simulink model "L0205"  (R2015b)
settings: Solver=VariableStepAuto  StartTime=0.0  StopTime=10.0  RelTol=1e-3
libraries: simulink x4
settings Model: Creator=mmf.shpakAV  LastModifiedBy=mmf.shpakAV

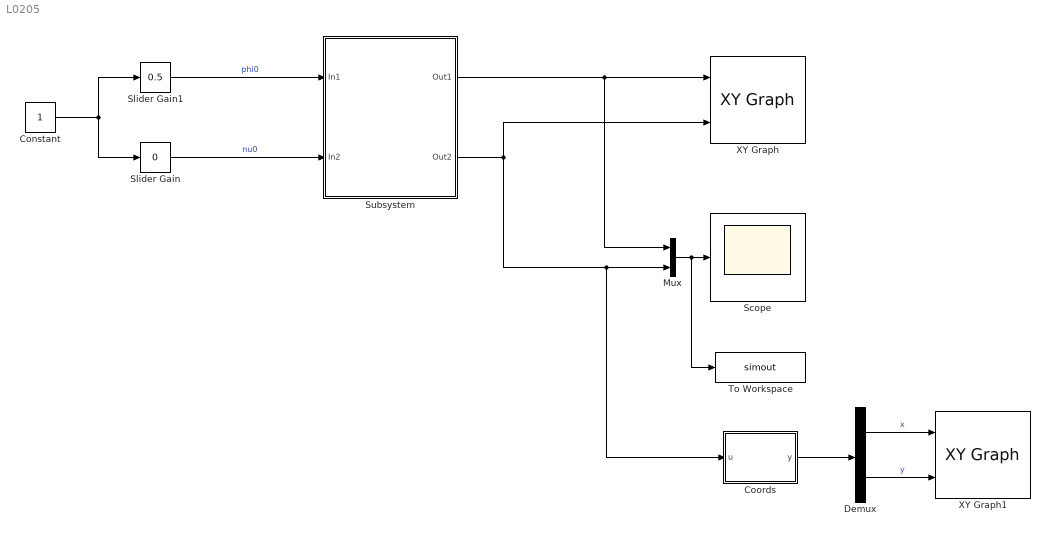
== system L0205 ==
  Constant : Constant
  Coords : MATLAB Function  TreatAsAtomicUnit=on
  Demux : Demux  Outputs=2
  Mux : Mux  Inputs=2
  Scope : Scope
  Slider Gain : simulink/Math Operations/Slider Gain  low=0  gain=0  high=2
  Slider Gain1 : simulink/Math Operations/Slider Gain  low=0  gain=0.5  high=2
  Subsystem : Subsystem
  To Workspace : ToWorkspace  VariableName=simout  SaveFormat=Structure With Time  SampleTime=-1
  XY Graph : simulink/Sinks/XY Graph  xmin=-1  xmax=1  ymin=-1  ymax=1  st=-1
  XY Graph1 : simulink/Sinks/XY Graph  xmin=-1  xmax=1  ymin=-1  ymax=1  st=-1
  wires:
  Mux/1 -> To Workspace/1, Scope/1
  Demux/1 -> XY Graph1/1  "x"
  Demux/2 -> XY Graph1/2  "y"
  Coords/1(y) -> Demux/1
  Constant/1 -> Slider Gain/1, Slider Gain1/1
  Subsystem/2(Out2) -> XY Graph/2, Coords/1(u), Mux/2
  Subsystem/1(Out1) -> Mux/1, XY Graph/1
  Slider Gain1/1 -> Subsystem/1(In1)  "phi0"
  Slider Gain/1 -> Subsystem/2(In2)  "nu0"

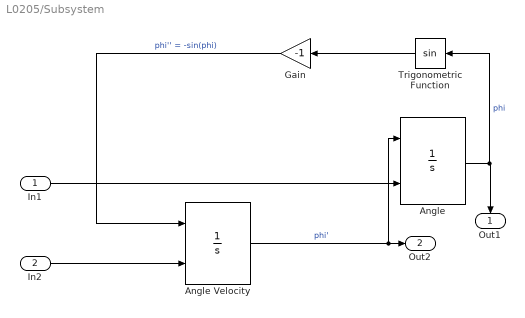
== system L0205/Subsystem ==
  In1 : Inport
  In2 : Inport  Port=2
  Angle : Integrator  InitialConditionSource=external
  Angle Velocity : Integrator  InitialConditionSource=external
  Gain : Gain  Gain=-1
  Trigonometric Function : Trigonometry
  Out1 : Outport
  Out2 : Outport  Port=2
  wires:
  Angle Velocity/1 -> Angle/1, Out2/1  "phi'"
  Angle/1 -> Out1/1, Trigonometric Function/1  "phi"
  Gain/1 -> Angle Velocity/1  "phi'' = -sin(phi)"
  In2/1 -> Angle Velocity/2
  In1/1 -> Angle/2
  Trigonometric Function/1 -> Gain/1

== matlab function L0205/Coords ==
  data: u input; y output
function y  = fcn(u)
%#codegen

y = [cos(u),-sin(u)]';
== == ==
Exactly restate the lines from the beginning of the data through the line with "Coords : MATLAB", and no others, keeping pictures out.

simulink model "L0205"  (R2015b)
settings: Solver=VariableStepAuto  StartTime=0.0  StopTime=10.0  RelTol=1e-3
libraries: simulink x4
settings Model: Creator=mmf.shpakAV  LastModifiedBy=mmf.shpakAV

== system L0205 ==
  Constant : Constant
  Coords : MATLAB Function  TreatAsAtomicUnit=on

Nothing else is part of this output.